Good morning peeps, got a quick question for you guys. Where can i get one of those pier landing nets to fish the bridges for sheepshead? Also, is there a certain type/brand that i should get? Thanks.


----------



## southern yakker (Jun 25, 2012)

Most bait and tackle stores sell them. I know gulf breeze has a really nice one for $30 and I think outcast has the same one.


----------



## ThaFish (Feb 27, 2013)

Yup, what Yakker said.

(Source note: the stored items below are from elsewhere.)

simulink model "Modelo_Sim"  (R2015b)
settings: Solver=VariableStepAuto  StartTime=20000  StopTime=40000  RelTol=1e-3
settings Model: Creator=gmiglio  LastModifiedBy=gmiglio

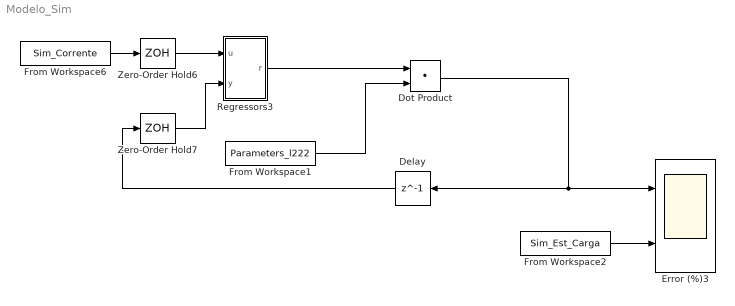
== system Modelo_Sim ==
  Delay : Delay  DelayLength=1  InitialCondition=0  InputProcessing=Inherited  UseCircularBuffer=on  SampleTime=1
  Dot Product : DotProduct  InputSameDT=on  OutDataTypeStr=Inherit: Inherit via internal rule
  Error (%)3 : Scope  NumInputPorts=2
  From Workspace1 : FromWorkspace  VariableName=Parameters_l222  SampleTime=0  Interpolate=off  OutputAfterFinalValue=Holding final value
  From Workspace2 : FromWorkspace  VariableName=Sim_Est_Carga  SampleTime=0
  From Workspace6 : FromWorkspace  VariableName=Sim_Corrente  SampleTime=0
  Regressors3 : Subsystem
  Zero-Order Hold6 : ZeroOrderHold
  Zero-Order Hold7 : ZeroOrderHold
  wires:
  Regressors3/1(r) -> Dot Product/1
  From Workspace6/1 -> Zero-Order Hold6/1
  Delay/1 -> Zero-Order Hold7/1
  Zero-Order Hold6/1 -> Regressors3/1(u)
  Zero-Order Hold7/1 -> Regressors3/2(y)
  From Workspace1/1 -> Dot Product/2
  Dot Product/1 -> Delay/1, Error (%)3/1
  From Workspace2/1 -> Error (%)3/2

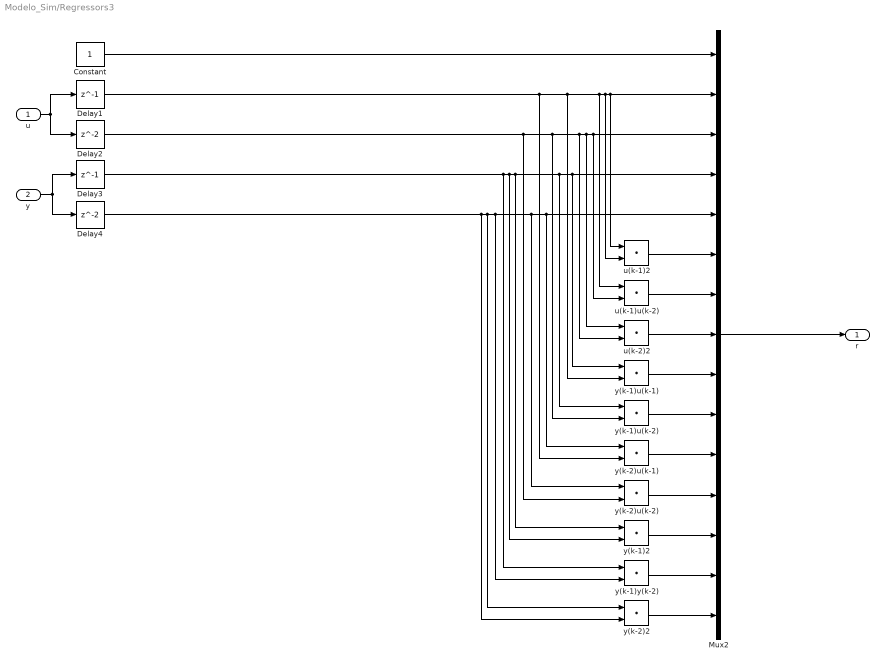
== system Modelo_Sim/Regressors3 ==
  u : Inport
  y : Inport  Port=2
  Constant : Constant
  Delay1 : Delay  DelayLength=1  InitialCondition=0
  Delay2 : Delay  InitialCondition=0
  Delay3 : Delay  DelayLength=1  InitialCondition=0
  Delay4 : Delay  InitialCondition=0
  Mux2 : Mux  Inputs=15
  u(k-1)2 : DotProduct  InputSameDT=on  OutDataTypeStr=Inherit: Inherit via internal rule
  u(k-1)u(k-2) : DotProduct  InputSameDT=on  OutDataTypeStr=Inherit: Inherit via internal rule
  u(k-2)2 : DotProduct  InputSameDT=on  OutDataTypeStr=Inherit: Inherit via internal rule
  y(k-1)2 : DotProduct  InputSameDT=on  OutDataTypeStr=Inherit: Inherit via internal rule
  y(k-1)u(k-1) : DotProduct  InputSameDT=on  OutDataTypeStr=Inherit: Inherit via internal rule
  y(k-1)u(k-2) : DotProduct  InputSameDT=on  OutDataTypeStr=Inherit: Inherit via internal rule
  y(k-1)y(k-2) : DotProduct  InputSameDT=on  OutDataTypeStr=Inherit: Inherit via internal rule
  y(k-2)2 : DotProduct  InputSameDT=on  OutDataTypeStr=Inherit: Inherit via internal rule
  y(k-2)u(k-1) : DotProduct  InputSameDT=on  OutDataTypeStr=Inherit: Inherit via internal rule
  y(k-2)u(k-2) : DotProduct  InputSameDT=on  OutDataTypeStr=Inherit: Inherit via internal rule
  r : Outport
  wires:
  u/1 -> Delay1/1, Delay2/1
  Mux2/1 -> r/1
  Delay1/1 -> y(k-2)u(k-1)/2, y(k-1)u(k-1)/2, u(k-1)u(k-2)/1, u(k-1)2/2, u(k-1)2/1, Mux2/2
  Delay2/1 -> y(k-2)u(k-2)/2, y(k-1)u(k-2)/2, u(k-2)2/2, u(k-2)2/1, u(k-1)u(k-2)/2, Mux2/3
  Constant/1 -> Mux2/1
  u(k-1)2/1 -> Mux2/6
  Delay3/1 -> y(k-1)y(k-2)/1, y(k-1)2/2, y(k-1)2/1, y(k-1)u(k-2)/1, y(k-1)u(k-1)/1, Mux2/4
  Delay4/1 -> y(k-2)2/2, y(k-2)2/1, y(k-1)y(k-2)/2, y(k-2)u(k-2)/1, y(k-2)u(k-1)/1, Mux2/5
  y/1 -> Delay3/1, Delay4/1
  u(k-1)u(k-2)/1 -> Mux2/7
  u(k-2)2/1 -> Mux2/8
  y(k-1)u(k-1)/1 -> Mux2/9
  y(k-1)u(k-2)/1 -> Mux2/10
  y(k-2)u(k-1)/1 -> Mux2/11
  y(k-2)u(k-2)/1 -> Mux2/12
  y(k-1)2/1 -> Mux2/13
  y(k-1)y(k-2)/1 -> Mux2/14
  y(k-2)2/1 -> Mux2/15

Go to Gulf Breeze Bait & Tackle & get the one they have for $30. It's a good net.


----------



## ric hamm (Mar 21, 2013)

Copy all, thanks!


----------



## New2Florida (Jan 29, 2014)

Academy sport in the Pensacola mall have them for $10


----------



## Dimebag (Jan 15, 2014)

Picked mine up at half hitch in navarre. I got the bigger size one


----------



## TnRebel (Jan 12, 2014)

got mine at WallyWorld in Deston @ $39.


----------



## jetajockey (Jun 6, 2011)

I got the bendy plastic one I think from outcast about a decade ago. It's MUCH easier to transport than the big metal hoop ones. It twists and collapses in on itself so it's super easy to carry. However, it gets blown all over if it's remotely windy out, so it's kinda hard to control. Some guys put a large weight in it to help remedy that problem, so that seems like the way to go if you don't have some kind of cart rig setup.


----------



## MrFish49 (Jun 30, 2012)

I got a jumbo two metal ring one from bass pro, forget the price think it was like 25 with a rope.


----------



## fairpoint (May 9, 2013)

In windy conditions throw it like a Frisbee into the wind and let it come back to the fish.....


----------



## fishnhuntguy (Feb 8, 2012)

If you have a good fish on the hook, You may want to get some assistance from someone next to you.


----------



## Speck-tacular (Mar 17, 2014)

I'm with Jetajockey on this one. I bought my "bendy" one at Bass Pro Shops and I love it. It folds neatly away and works very well with the weight in the bottom of it. Hope to get a chance to use it again soon once this water warms up.


----------